- [Data for this exercise]
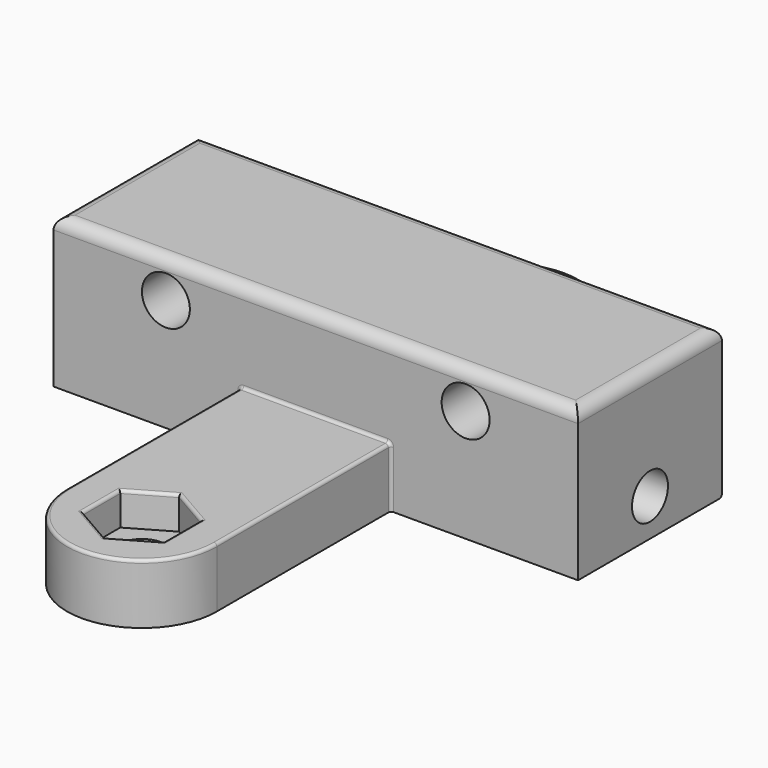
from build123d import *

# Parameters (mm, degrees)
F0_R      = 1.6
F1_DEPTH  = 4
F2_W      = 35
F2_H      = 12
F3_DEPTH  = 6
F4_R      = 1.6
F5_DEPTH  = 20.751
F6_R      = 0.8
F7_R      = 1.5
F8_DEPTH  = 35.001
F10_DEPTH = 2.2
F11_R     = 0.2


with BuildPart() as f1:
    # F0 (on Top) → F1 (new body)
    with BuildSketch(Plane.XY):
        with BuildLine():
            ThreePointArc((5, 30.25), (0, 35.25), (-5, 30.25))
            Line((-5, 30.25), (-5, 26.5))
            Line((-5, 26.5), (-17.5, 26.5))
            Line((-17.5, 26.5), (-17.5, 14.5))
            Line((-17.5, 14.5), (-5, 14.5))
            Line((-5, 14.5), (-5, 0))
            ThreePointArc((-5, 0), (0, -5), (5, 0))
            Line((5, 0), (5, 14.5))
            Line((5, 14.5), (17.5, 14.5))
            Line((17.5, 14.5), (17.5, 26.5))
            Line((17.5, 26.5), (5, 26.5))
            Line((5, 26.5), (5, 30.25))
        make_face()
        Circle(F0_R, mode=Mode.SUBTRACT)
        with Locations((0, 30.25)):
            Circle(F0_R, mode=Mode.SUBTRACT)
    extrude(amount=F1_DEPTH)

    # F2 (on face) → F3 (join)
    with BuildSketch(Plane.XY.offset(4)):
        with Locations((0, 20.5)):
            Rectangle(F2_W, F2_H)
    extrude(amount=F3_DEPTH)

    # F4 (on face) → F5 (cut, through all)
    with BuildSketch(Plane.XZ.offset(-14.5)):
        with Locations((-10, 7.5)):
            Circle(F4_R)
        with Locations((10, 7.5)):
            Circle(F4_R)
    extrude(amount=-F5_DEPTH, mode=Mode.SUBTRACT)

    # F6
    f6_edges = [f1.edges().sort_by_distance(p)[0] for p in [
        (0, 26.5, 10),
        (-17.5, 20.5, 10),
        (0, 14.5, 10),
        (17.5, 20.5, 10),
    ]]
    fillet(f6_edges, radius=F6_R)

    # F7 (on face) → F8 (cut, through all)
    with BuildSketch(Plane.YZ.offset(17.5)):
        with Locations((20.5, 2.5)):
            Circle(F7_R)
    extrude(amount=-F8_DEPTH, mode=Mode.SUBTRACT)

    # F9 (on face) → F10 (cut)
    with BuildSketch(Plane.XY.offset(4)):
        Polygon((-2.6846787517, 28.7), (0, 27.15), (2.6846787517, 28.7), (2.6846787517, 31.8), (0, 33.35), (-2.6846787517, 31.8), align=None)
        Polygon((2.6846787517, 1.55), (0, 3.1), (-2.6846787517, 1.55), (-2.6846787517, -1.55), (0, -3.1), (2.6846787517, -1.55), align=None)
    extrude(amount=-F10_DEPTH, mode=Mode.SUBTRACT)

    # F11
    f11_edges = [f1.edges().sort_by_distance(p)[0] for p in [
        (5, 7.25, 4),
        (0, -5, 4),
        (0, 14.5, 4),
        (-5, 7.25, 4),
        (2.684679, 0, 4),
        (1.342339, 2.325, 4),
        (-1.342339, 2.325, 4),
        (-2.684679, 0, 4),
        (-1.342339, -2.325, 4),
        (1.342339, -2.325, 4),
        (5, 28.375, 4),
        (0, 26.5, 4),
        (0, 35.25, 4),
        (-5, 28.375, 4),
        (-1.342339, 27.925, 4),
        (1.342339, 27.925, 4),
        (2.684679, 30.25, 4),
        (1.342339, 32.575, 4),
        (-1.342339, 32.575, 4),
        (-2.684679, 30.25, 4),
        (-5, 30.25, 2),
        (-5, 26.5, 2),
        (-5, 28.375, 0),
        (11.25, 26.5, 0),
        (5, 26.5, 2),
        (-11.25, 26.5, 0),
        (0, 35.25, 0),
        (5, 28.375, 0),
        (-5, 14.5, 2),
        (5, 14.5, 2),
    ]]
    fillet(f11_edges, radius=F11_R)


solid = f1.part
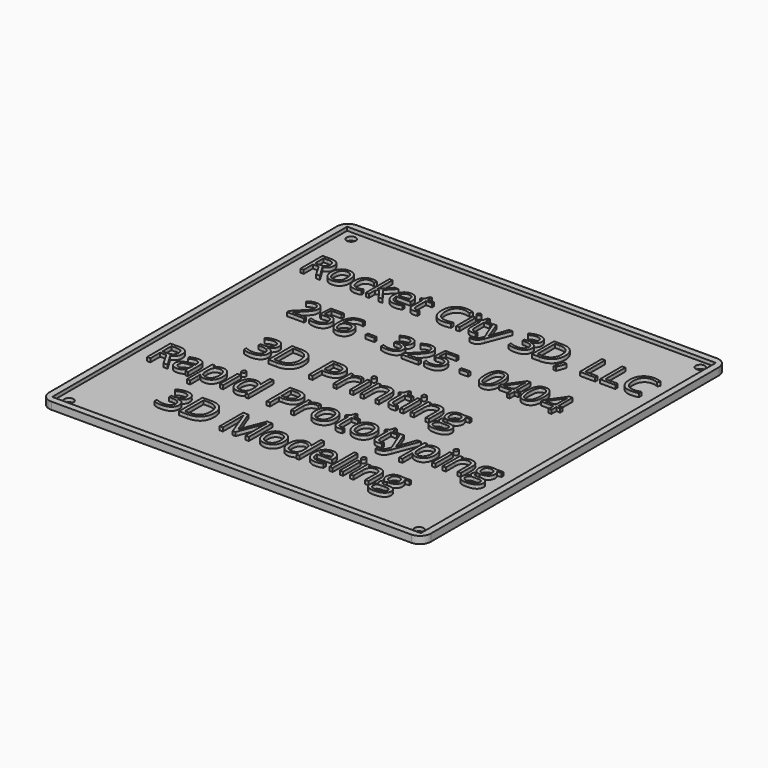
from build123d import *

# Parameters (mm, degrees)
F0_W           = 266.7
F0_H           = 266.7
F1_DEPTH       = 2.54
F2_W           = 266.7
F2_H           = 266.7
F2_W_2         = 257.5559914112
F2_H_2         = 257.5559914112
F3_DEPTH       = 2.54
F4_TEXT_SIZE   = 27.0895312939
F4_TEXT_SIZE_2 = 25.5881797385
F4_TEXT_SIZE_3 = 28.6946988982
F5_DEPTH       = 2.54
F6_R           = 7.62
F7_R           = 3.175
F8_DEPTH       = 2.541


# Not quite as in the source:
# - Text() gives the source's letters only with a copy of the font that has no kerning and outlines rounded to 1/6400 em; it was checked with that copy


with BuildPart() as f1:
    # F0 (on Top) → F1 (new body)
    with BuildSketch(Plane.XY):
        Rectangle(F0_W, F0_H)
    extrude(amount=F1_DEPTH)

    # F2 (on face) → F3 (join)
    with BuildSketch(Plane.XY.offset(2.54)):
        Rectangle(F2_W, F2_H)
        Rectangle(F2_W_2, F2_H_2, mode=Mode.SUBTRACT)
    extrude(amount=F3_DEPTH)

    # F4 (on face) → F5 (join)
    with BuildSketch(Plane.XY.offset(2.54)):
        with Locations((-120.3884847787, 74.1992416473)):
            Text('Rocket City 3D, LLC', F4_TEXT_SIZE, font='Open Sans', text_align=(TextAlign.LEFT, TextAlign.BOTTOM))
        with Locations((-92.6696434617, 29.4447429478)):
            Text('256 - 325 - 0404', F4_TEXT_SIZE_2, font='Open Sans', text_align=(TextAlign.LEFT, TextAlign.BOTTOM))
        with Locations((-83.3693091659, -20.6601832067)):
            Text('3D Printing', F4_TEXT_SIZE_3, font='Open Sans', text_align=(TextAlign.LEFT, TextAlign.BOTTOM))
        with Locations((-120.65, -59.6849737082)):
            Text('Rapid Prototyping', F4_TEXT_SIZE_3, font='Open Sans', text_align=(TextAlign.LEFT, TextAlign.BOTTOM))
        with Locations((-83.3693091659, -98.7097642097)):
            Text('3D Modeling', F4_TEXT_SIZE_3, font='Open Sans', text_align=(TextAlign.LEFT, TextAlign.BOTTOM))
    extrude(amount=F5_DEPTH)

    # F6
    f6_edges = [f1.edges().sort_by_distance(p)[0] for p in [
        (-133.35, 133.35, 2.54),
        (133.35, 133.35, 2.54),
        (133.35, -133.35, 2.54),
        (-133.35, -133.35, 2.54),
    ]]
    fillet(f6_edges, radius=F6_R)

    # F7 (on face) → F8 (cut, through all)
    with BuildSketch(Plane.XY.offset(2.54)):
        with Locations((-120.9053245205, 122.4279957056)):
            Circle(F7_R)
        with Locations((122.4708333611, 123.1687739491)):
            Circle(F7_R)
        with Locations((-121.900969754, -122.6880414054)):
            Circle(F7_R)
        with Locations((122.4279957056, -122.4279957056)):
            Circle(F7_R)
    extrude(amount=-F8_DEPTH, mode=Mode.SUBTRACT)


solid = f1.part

- [Exercise prompt] The listing must be repeated word for word, and none of its pictures may appear in the copy.

- [Output for this task]
from build123d import *

# Parameters (mm, degrees)
F0_R      = 1.6
F1_DEPTH  = 4
F2_W      = 35
F2_H      = 12
F3_DEPTH  = 6
F4_R      = 1.6
F5_DEPTH  = 20.751
F6_R      = 0.8
F7_R      = 1.5
F8_DEPTH  = 35.001
F10_DEPTH = 2.2
F11_R     = 0.2


with BuildPart() as f1:
    # F0 (on Top) → F1 (new body)
    with BuildSketch(Plane.XY):
        with BuildLine():
            ThreePointArc((5, 30.25), (0, 35.25), (-5, 30.25))
            Line((-5, 30.25), (-5, 26.5))
            Line((-5, 26.5), (-17.5, 26.5))
            Line((-17.5, 26.5), (-17.5, 14.5))
            Line((-17.5, 14.5), (-5, 14.5))
            Line((-5, 14.5), (-5, 0))
            ThreePointArc((-5, 0), (0, -5), (5, 0))
            Line((5, 0), (5, 14.5))
            Line((5, 14.5), (17.5, 14.5))
            Line((17.5, 14.5), (17.5, 26.5))
            Line((17.5, 26.5), (5, 26.5))
            Line((5, 26.5), (5, 30.25))
        make_face()
        Circle(F0_R, mode=Mode.SUBTRACT)
        with Locations((0, 30.25)):
            Circle(F0_R, mode=Mode.SUBTRACT)
    extrude(amount=F1_DEPTH)

    # F2 (on face) → F3 (join)
    with BuildSketch(Plane.XY.offset(4)):
        with Locations((0, 20.5)):
            Rectangle(F2_W, F2_H)
    extrude(amount=F3_DEPTH)

    # F4 (on face) → F5 (cut, through all)
    with BuildSketch(Plane.XZ.offset(-14.5)):
        with Locations((-10, 7.5)):
            Circle(F4_R)
        with Locations((10, 7.5)):
            Circle(F4_R)
    extrude(amount=-F5_DEPTH, mode=Mode.SUBTRACT)

    # F6
    f6_edges = [f1.edges().sort_by_distance(p)[0] for p in [
        (0, 26.5, 10),
        (-17.5, 20.5, 10),
        (0, 14.5, 10),
        (17.5, 20.5, 10),
    ]]
    fillet(f6_edges, radius=F6_R)

    # F7 (on face) → F8 (cut, through all)
    with BuildSketch(Plane.YZ.offset(17.5)):
        with Locations((20.5, 2.5)):
            Circle(F7_R)
    extrude(amount=-F8_DEPTH, mode=Mode.SUBTRACT)

    # F9 (on face) → F10 (cut)
    with BuildSketch(Plane.XY.offset(4)):
        Polygon((-2.6846787517, 28.7), (0, 27.15), (2.6846787517, 28.7), (2.6846787517, 31.8), (0, 33.35), (-2.6846787517, 31.8), align=None)
        Polygon((2.6846787517, 1.55), (0, 3.1), (-2.6846787517, 1.55), (-2.6846787517, -1.55), (0, -3.1), (2.6846787517, -1.55), align=None)
    extrude(amount=-F10_DEPTH, mode=Mode.SUBTRACT)

    # F11
    f11_edges = [f1.edges().sort_by_distance(p)[0] for p in [
        (5, 7.25, 4),
        (0, -5, 4),
        (0, 14.5, 4),
        (-5, 7.25, 4),
        (2.684679, 0, 4),
        (1.342339, 2.325, 4),
        (-1.342339, 2.325, 4),
        (-2.684679, 0, 4),
        (-1.342339, -2.325, 4),
        (1.342339, -2.325, 4),
        (5, 28.375, 4),
        (0, 26.5, 4),
        (0, 35.25, 4),
        (-5, 28.375, 4),
        (-1.342339, 27.925, 4),
        (1.342339, 27.925, 4),
        (2.684679, 30.25, 4),
        (1.342339, 32.575, 4),
        (-1.342339, 32.575, 4),
        (-2.684679, 30.25, 4),
        (-5, 30.25, 2),
        (-5, 26.5, 2),
        (-5, 28.375, 0),
        (11.25, 26.5, 0),
        (5, 26.5, 2),
        (-11.25, 26.5, 0),
        (0, 35.25, 0),
        (5, 28.375, 0),
        (-5, 14.5, 2),
        (5, 14.5, 2),
    ]]
    fillet(f11_edges, radius=F11_R)


solid = f1.part
from build123d import *

# Parameters (mm, degrees)
F0_W           = 266.7
F0_H           = 266.7
F1_DEPTH       = 2.54
F2_W           = 266.7
F2_H           = 266.7
F2_W_2         = 257.5559914112
F2_H_2         = 257.5559914112
F3_DEPTH       = 2.54
F4_TEXT_SIZE   = 27.0895312939
F4_TEXT_SIZE_2 = 25.5881797385
F4_TEXT_SIZE_3 = 28.6946988982
F5_DEPTH       = 2.54
F6_R           = 7.62
F7_R           = 3.175
F8_DEPTH       = 2.541


# Not quite as in the source:
# - Text() gives the source's letters only with a copy of the font that has no kerning and outlines rounded to 1/6400 em; it was checked with that copy


with BuildPart() as f1:
    # F0 (on Top) → F1 (new body)
    with BuildSketch(Plane.XY):
        Rectangle(F0_W, F0_H)
    extrude(amount=F1_DEPTH)

    # F2 (on face) → F3 (join)
    with BuildSketch(Plane.XY.offset(2.54)):
        Rectangle(F2_W, F2_H)
        Rectangle(F2_W_2, F2_H_2, mode=Mode.SUBTRACT)
    extrude(amount=F3_DEPTH)

    # F4 (on face) → F5 (join)
    with BuildSketch(Plane.XY.offset(2.54)):
        with Locations((-120.3884847787, 74.1992416473)):
            Text('Rocket City 3D, LLC', F4_TEXT_SIZE, font='Open Sans', text_align=(TextAlign.LEFT, TextAlign.BOTTOM))
        with Locations((-92.6696434617, 29.4447429478)):
            Text('256 - 325 - 0404', F4_TEXT_SIZE_2, font='Open Sans', text_align=(TextAlign.LEFT, TextAlign.BOTTOM))
        with Locations((-83.3693091659, -20.6601832067)):
            Text('3D Printing', F4_TEXT_SIZE_3, font='Open Sans', text_align=(TextAlign.LEFT, TextAlign.BOTTOM))
        with Locations((-120.65, -59.6849737082)):
            Text('Rapid Prototyping', F4_TEXT_SIZE_3, font='Open Sans', text_align=(TextAlign.LEFT, TextAlign.BOTTOM))
        with Locations((-83.3693091659, -98.7097642097)):
            Text('3D Modeling', F4_TEXT_SIZE_3, font='Open Sans', text_align=(TextAlign.LEFT, TextAlign.BOTTOM))
    extrude(amount=F5_DEPTH)

    # F6
    f6_edges = [f1.edges().sort_by_distance(p)[0] for p in [
        (-133.35, 133.35, 2.54),
        (133.35, 133.35, 2.54),
        (133.35, -133.35, 2.54),
        (-133.35, -133.35, 2.54),
    ]]
    fillet(f6_edges, radius=F6_R)

    # F7 (on face) → F8 (cut, through all)
    with BuildSketch(Plane.XY.offset(2.54)):
        with Locations((-120.9053245205, 122.4279957056)):
            Circle(F7_R)
        with Locations((122.4708333611, 123.1687739491)):
            Circle(F7_R)
        with Locations((-121.900969754, -122.6880414054)):
            Circle(F7_R)
        with Locations((122.4279957056, -122.4279957056)):
            Circle(F7_R)
    extrude(amount=-F8_DEPTH, mode=Mode.SUBTRACT)


solid = f1.part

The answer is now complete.